Einen Bahnanschluss für die Stadt Horn gibt es seit 1895; der außerhalb des Stadtkerns in Richtung Bad Meinberg gebaute Bahnhof liegt an der Strecke DetmoldAltenbeken.

Zwischen 1912 und 1952 konnte man sogar zusätzlich die Straßenbahn benutzen. In der Blütezeit führte sie von Horn in Richtung Westen nach Detmold und von dort weiter in die Detmolder Ortsteile Pivitsheide, Berlebeck und Heiligenkirchen. Nach Südwesten konnte man über Schlangen und Bad Lippspringe bis Paderborn fahren. Diese Strecke führte zeitweise sogar mitten zwischen den Externsteinen hindurch. Man kann dort an den Felsen noch die Spuren von der Oberleitungsbefestigung erkennen. In Richtung Nordosten führte die Straßenbahn über Bad Meinberg bis nach Blomberg. Betrieben wurde die Straßenbahn bis 1952 von der Paderborner Elektrizitätswerke und Straßenbahn AG, kurz PESAG genannt.

Siedlung Moorlage

Im Osten Horns entstand zu Anfang des Zweiten Weltkriegs die Siedlung Moorlage. Grund war die Umsiedlung des Dorfes Haustenbeck in der Senne, das einem Truppenübungsplatz weichen musste. Ein Großteil der Dorfgemeinschaft zog nach Horn, wo die Firma Künnemeyer Arbeitskräfte suchte. Die Landwirte erhielten Höfe von der Reichsumsiedlungsgesellschaft RUGES. Am 18. Februar 1938 kam der erste Vorschlag, eine geschlossene Siedlung aufzubauen. Etwa vierzig Familien siedelten nach Horn um.

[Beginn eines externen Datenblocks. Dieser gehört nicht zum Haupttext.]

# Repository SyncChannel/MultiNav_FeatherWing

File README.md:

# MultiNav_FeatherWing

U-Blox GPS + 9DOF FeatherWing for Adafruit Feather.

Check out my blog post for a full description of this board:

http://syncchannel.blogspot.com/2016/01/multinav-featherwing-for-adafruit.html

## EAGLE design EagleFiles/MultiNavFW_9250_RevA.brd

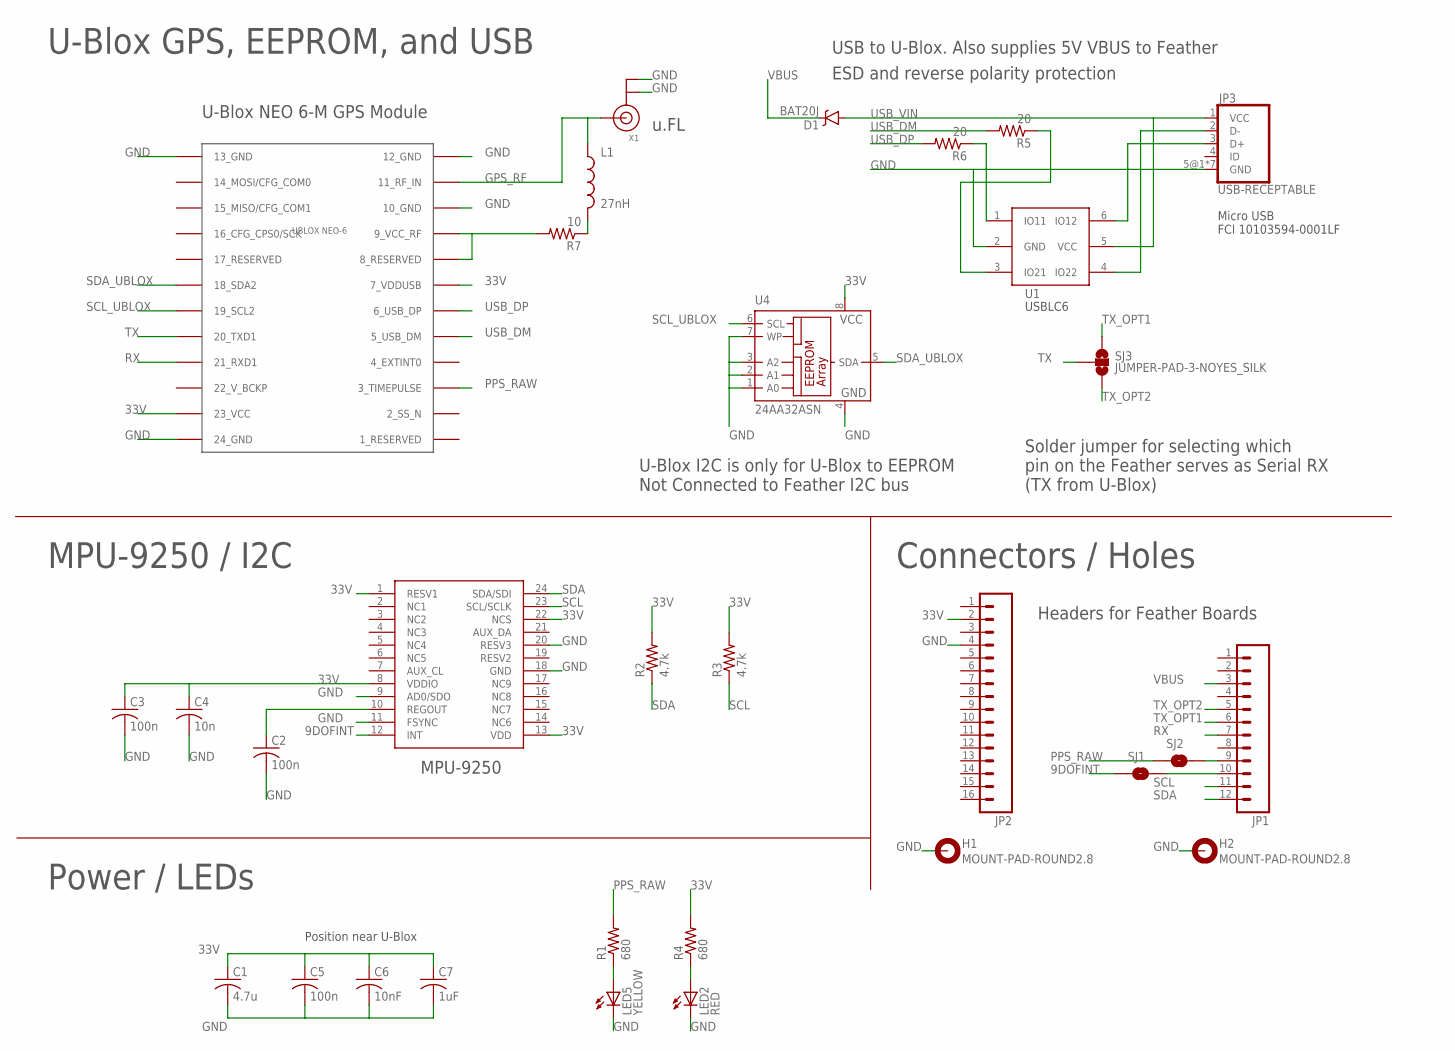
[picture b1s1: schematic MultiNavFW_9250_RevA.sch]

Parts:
C1: 4.7u; C0603
C2, C3, C5: 100n; C0603
C4: 10n; C0603
C6: 10nF; C0603
C7: 1uF; C0603
D1: BAT20J; SOD-323
H1, H2: MOUNT-PAD-ROUND2.8; 2,8-PAD
JP1: M12NO_SILK; 1X12_NO_SILK
JP2: M161X16_NO_SILK; 1X16_NO_SILK
JP3: USB-RECEPTABLE; FCI-10103594-0001LF
L1: 27nH; C0402
LED2: RED; CHIPLED_0603
LED5: YELLOW; CHIPLED_0603
R1, R4: 680; R0603
R2, R3: 4.7k; R0603
R5, R6: 20; R0603
R7: 10; R0603
SJ1, SJ2: SOLDERJUMPERNO; SJ_2S-NO
SJ3: JUMPER-PAD-3-NOYES_SILK; PAD-JUMPER-3-NO_YES_SILK
U1: USBLC6-2; SOT23-6
U2: MPU-9250; LEAD-QFN24
U3: UBLOX_NEO-6; UBLOX_NEO-6P
U4: 24AA32ASN; SO-08
X1: ANTENNA_U.FL; U.FL

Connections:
9DOFINT: SJ1.1, U2.12 (INT)
33V: C1.1, C3.1, C4.1, C5.1, C6.1, C7.1, JP2.2, R2.2, R3.2, R4.2, U2.1 (RESV1), U2.8 (VDDIO), U2.13 (VDD), U2.22 (NCS), U3.7_VDDUSB, U3.23_VCC, U4.8 (VCC)
GND: C1.2, C2.2, C3.2, C4.2, C5.2, C6.2, C7.2, H1.B2,8, H2.B2,8, JP2.4, JP3.5@1 (GND), JP3.5@2 (GND), JP3.5@3 (GND), JP3.5@4 (GND), JP3.5@5 (GND), JP3.5@6 (GND), JP3.5@7 (GND), LED2.C, LED5.C, U1.2 (GND), U2.9 (AD0/SDO), U2.11 (FSYNC), U2.18 (GND), U2.20 (RESV3), U3.10_GND, U3.12_GND, U3.13_GND, U3.24_GND, U4.1 (A0), U4.2 (A1), U4.3 (A2), U4.4 (GND), U4.7 (WP), X1.1 (GND), X1.2 (GND)
GPS_BIAS: R7.2, U3.8_RESERVED, U3.9_VCC_RF
GPS_RF: L1.1, U3.11_RF_IN, X1.3 (SIGNAL)
unnamed: L1.2, R7.1
unnamed: JP3.2 (D-), U1.4 (IO22)
unnamed: R5.1, U1.3 (IO21)
unnamed: R6.1, U1.1 (IO11)
unnamed: LED5.A, R1.1
unnamed: JP3.3 (D+), U1.6 (IO12)
unnamed: LED2.A, R4.1
unnamed: JP1.10, SJ1.2
unnamed: JP1.9, SJ2.2
unnamed: C2.1, U2.10 (REGOUT)
PPS_RAW: R1.2, SJ2.1, U3.3_TIMEPULSE
RX: JP1.7, U3.21_RXD1
SCL: JP1.11, R3.1, U2.23 (SCL/SCLK)
SCL_UBLOX: U3.19_SCL2, U4.6 (SCL)
SDA: JP1.12, R2.1, U2.24 (SDA/SDI)
SDA_UBLOX: U3.18_SDA2, U4.5 (SDA)
TX: SJ3.2, U3.20_TXD1
TX_OPT1: JP1.6, SJ3.1
TX_OPT2: JP1.5, SJ3.3
USB_DM: R5.2, U3.5_USB_DM
USB_DP: R6.2, U3.6_USB_DP
USB_VIN: D1.A, JP3.1 (VCC), U1.5 (VCC)
VBUS: D1.C, JP1.3

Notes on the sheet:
Headers for Feather Boards
Micro USB FCI 10103594-0001LF
U-Blox NEO 6-M GPS Module
U-Blox I2C is only for U-Blox to EEPROM Not Connected to Feather I2C bus
Solder jumper for selecting which pin on the Feather serves as Serial RX (TX from U-Blox)
ESD and reverse polarity protection
u.FL
USB to U-Blox. Also supplies 5V VBUS to Feather
MPU-9250
U-Blox GPS, EEPROM, and USB
Connectors / Holes
MPU-9250 / I2C
Power / LEDs
Position near U-Blox
USBLC6

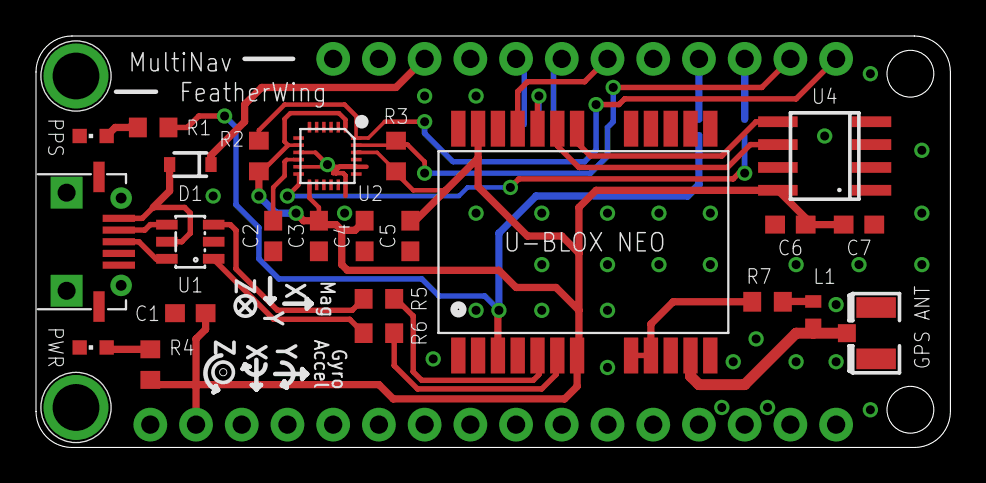
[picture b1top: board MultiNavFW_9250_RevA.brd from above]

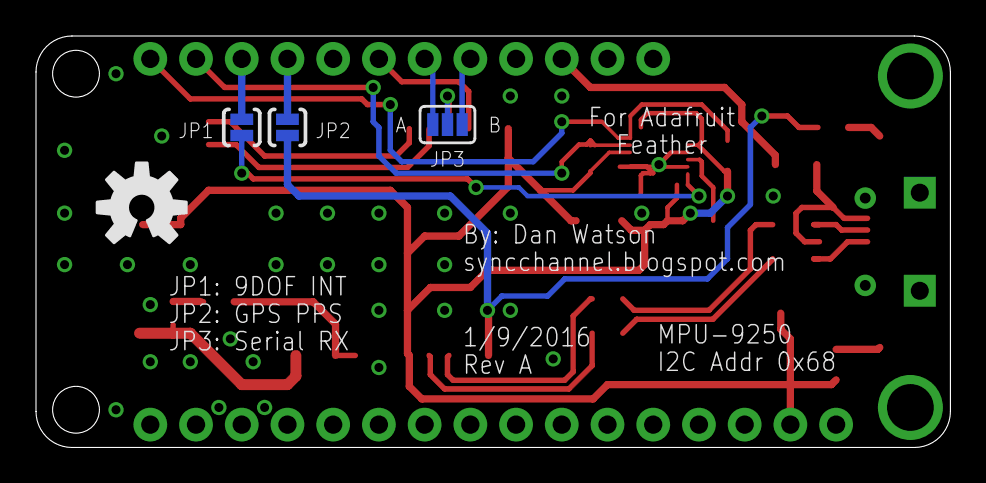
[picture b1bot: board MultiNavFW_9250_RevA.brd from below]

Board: 2 copper layers, 50.8 x 22.9 mm, 32 parts (4 on the bottom side), 28 nets.

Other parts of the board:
U$1: OSHW-LOGO-M

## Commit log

2016-04-26 :space_invader: Added .gitattributes & .gitignore files
2016-04-26 Added Eagle files
2016-05-02 Update Eagle files

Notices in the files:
parts and their libraries:
SparkFun-DiscreteSemi: Licensing: Creative Commons ShareAlike 4.0 International - https://creativecommons.org/licenses/by-sa/4.0

Das Projekt plante das Kreisbauamt Detmold. Vier Haustypen standen zur Verfügung. Die Bewohner durften bei dem Innen- und Sanitärraum mitbestimmen. Jedes Haus war mit einer Innentoilette und Badegelegenheit ausgestattet. Die Siedlung sollte aus vierzig Häusern bestehen, die nah beieinander gebaut werden sollten. Ein Grundstück war 1–3 Scheffelsaat (1 SS = 1717 m²) mit genügend Land für Ackerbau und Platz für eine kleine Viehhaltung. Ein Quadratmeter kostete zu der Zeit 0,40 Reichsmark. Der Erstellungspreis der Ein- und Zweifamilienhäuser mit Stallungen betrug zwischen 8000 RM und 15000 RM.

1938 wurden Vermessungen vorgenommen und die Siedlung Moorlage wurde als "kriegswichtig" eingestuft. Ende Januar 1939 wurde beschlossen, dass 31 Einfamilien- und 13 Zweifamilienhäuser gebaut werden. Das Datum der Umsiedlung war der 05. November 1939. Es entstand eine rechtwinklige Schachbrett-Siedlung, in der sich die Bürger durch Vieh und Acker versorgen konnten. Damit die Siedlung etwas lockerer aufgebaut aussieht, wurden die Giebel versetzt gebaut, die Hauptstraße war breiter und auf beiden Seiten mit Bäumen bepflanzt und Fußwege wurden ebenfalls angelegt.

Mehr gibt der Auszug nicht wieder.